Wang Fan, Mukherjee Sach, Richardson Sylvia, Hill Steven M
1MRC Biostatistics Unit, University of Cambridge, Cambridge, UK.
2German Centre for Neurodegenerative Diseases (DZNE), Bonn, Germany.
Stat Comput. 2020;30(3):697-719. doi: 10.1007/s11222-019-09914-9. Epub 2019 Dec 19.

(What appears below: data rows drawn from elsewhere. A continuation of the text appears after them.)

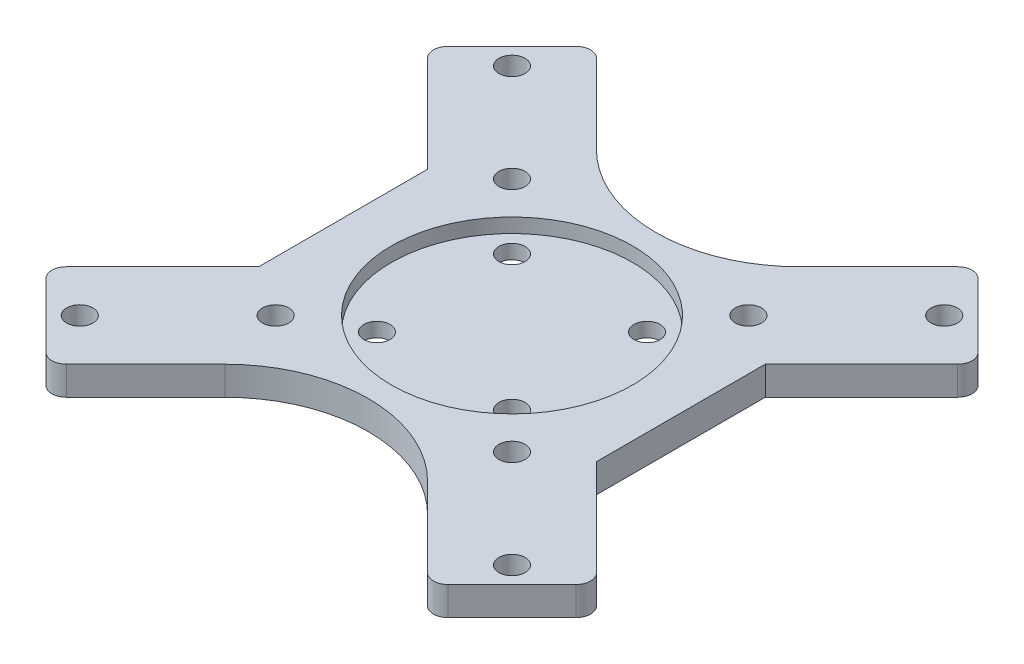
SolidWorks part; units mm, degrees
ref_plane "Front Plane" through (0, 0, 0) normal (0, 0, 1) x (1, 0, 0)
ref_plane "Top Plane" through (0, 0, 0) normal (0, 1, 0) x (1, 0, 0)
ref_plane "Right Plane" through (0, 0, 0) normal (1, 0, 0) x (0, 0, -1)
sketch "Sketch1" plane through (0, 0, 0) normal (0, 1, 0) x (1, 0, 0)
  line L26 (-57.6292, 39.9515) -> (-39.9515, 57.6292)
  line L27 (-39.9515, 57.6292) -> (-21.2132, 38.8909)
  line L28 (21.2132, 38.8909) -> (39.9515, 57.6292)
  line L29 (39.9515, 57.6292) -> (57.6292, 39.9515)
  line L30 (57.6292, 39.9515) -> (35.3553, 17.6777)
  line L31 (35.3553, -17.6777) -> (57.6292, -39.9515)
  line L32 (57.6292, -39.9515) -> (39.9515, -57.6292)
  line L33 (39.9515, -57.6292) -> (21.2132, -38.8909)
  line L34 (-21.2132, -38.8909) -> (-39.9515, -57.6292)
  line L35 (-39.9515, -57.6292) -> (-57.6292, -39.9515)
  line L36 (-57.6292, -39.9515) -> (-35.3553, -17.6777)
  line L37 (-35.3553, 17.6777) -> (-57.6292, 39.9515)
  line L38 (0, 0) -> (0, 76.4028) construction
  line L39 (-48.7904, 48.7904) -> (48.7904, -48.7904) construction
  line L40 (48.7904, 48.7904) -> (-48.7904, -48.7904) construction
  line L41 (-35.3553, -17.6777) -> (-35.3553, 17.6777)
  line L42 (35.3553, 17.6777) -> (35.3553, -17.6777)
  line L43 (-35.3553, 0) -> (35.3553, 0) construction
  line L44 (-24.75, 24.75) -> (0, 0) construction
  circle A11 centre (0, 0) radius 64 construction
  circle A12 centre (-45.2548, 45.2548) radius 2.75
  circle A13 centre (45.2548, 45.2548) radius 2.75
  circle A14 centre (45.2548, -45.2548) radius 2.75
  circle A15 centre (-45.2548, -45.2548) radius 2.75
  arc A16 (21.2132, -38.8909) -> (-21.2132, -38.8909) centre (0, -60.1041) ccw
  arc A17 (-21.2132, 38.8909) -> (21.2132, 38.8909) centre (0, 60.1041) ccw
  circle A18 centre (-24.75, 24.75) radius 2.75
  circle A19 centre (-24.75, -24.75) radius 2.75
  circle A20 centre (24.75, -24.75) radius 2.75
  circle A21 centre (24.75, 24.75) radius 2.75
  circle A22 centre (0, 0) radius 20 construction
  circle A24 centre (-14.1421, 14.1421) radius 2.75
  circle A25 centre (14.1421, 14.1421) radius 2.75
  circle A26 centre (14.1421, -14.1421) radius 2.75
  circle A27 centre (-14.1421, -14.1421) radius 2.75
  point P6 (17.6777, 0)
  point P12 (-17.6777, 0)
  point P19 (0, 0)
  point P53 (35.3553, 0)
  dimension "D1" = 45
  dimension "D3" = 138
  dimension "D4" = 138
  dimension "D6" = 5.5
  dimension "D5" = 128
  dimension "D7" = 30
  dimension "D9" = 49.5
  dimension "D14" = 5.5
  dimension "D15" = 40
  dimension "D16" = 5.5
  dimension "D2" = 25
  dimension "D8" = 35.3553
  dimension "D12" = 49.5
  dimension "D13" = 45
  dimension "D17" = 4
extrude "Boss-Extrude1" add sketch "Sketch1" along normal blind 6
fillet "Fillet1" radius 3 8 edges at (-57.6292, 3, 39.9515) (-39.9515, 3, 57.6292) (39.9515, 3, 57.6292) (57.6292, 3, 39.9515) (57.6292, 3, -39.9515) (39.9515, 3, -57.6292) (-39.9515, 3, -57.6292) (-57.6292, 3, -39.9515)
sketch "Sketch2" plane through (0, 6, 0) normal (0, 1, 0) x (1, 0, 0)
  circle A0 centre (0, 0) radius 25.25
  dimension "D1" = 50.5
extrude "Cut-Extrude1" cut sketch "Sketch2" against normal blind 3

Penalized likelihood approaches are widely used for high-dimensional regression. Although many methods have been proposed and the associated theory is now well developed, the relative efficacy of different approaches in finite-sample settings, as encountered in practice, remains incompletely understood. There is therefore a need for empirical investigations in this area that can offer practical insight and guidance to users. In this paper, we present a large-scale comparison of penalized regression methods. We distinguish between three related goals: prediction, variable selection and variable ranking. Our results span more than 2300 data-generating scenarios, including both synthetic and semisynthetic data (real covariates and simulated responses), allowing us to systematically consider the influence of various factors (sample size, dimensionality, sparsity, signal strength and multicollinearity). We consider several widely used approaches (Lasso, Adaptive Lasso, Elastic Net, Ridge Regression, SCAD, the Dantzig Selector and Stability Selection). We find considerable variation in performance between methods. Our results support a "no panacea" view, with no unambiguous winner across all scenarios or goals, even in this restricted setting where all data align well with the assumptions underlying the methods. The study allows us to make some recommendations as to which approaches may be most (or least) suitable given the goal and some data characteristics. Our empirical results complement existing theory and provide a resource to compare methods across a range of scenarios and metrics.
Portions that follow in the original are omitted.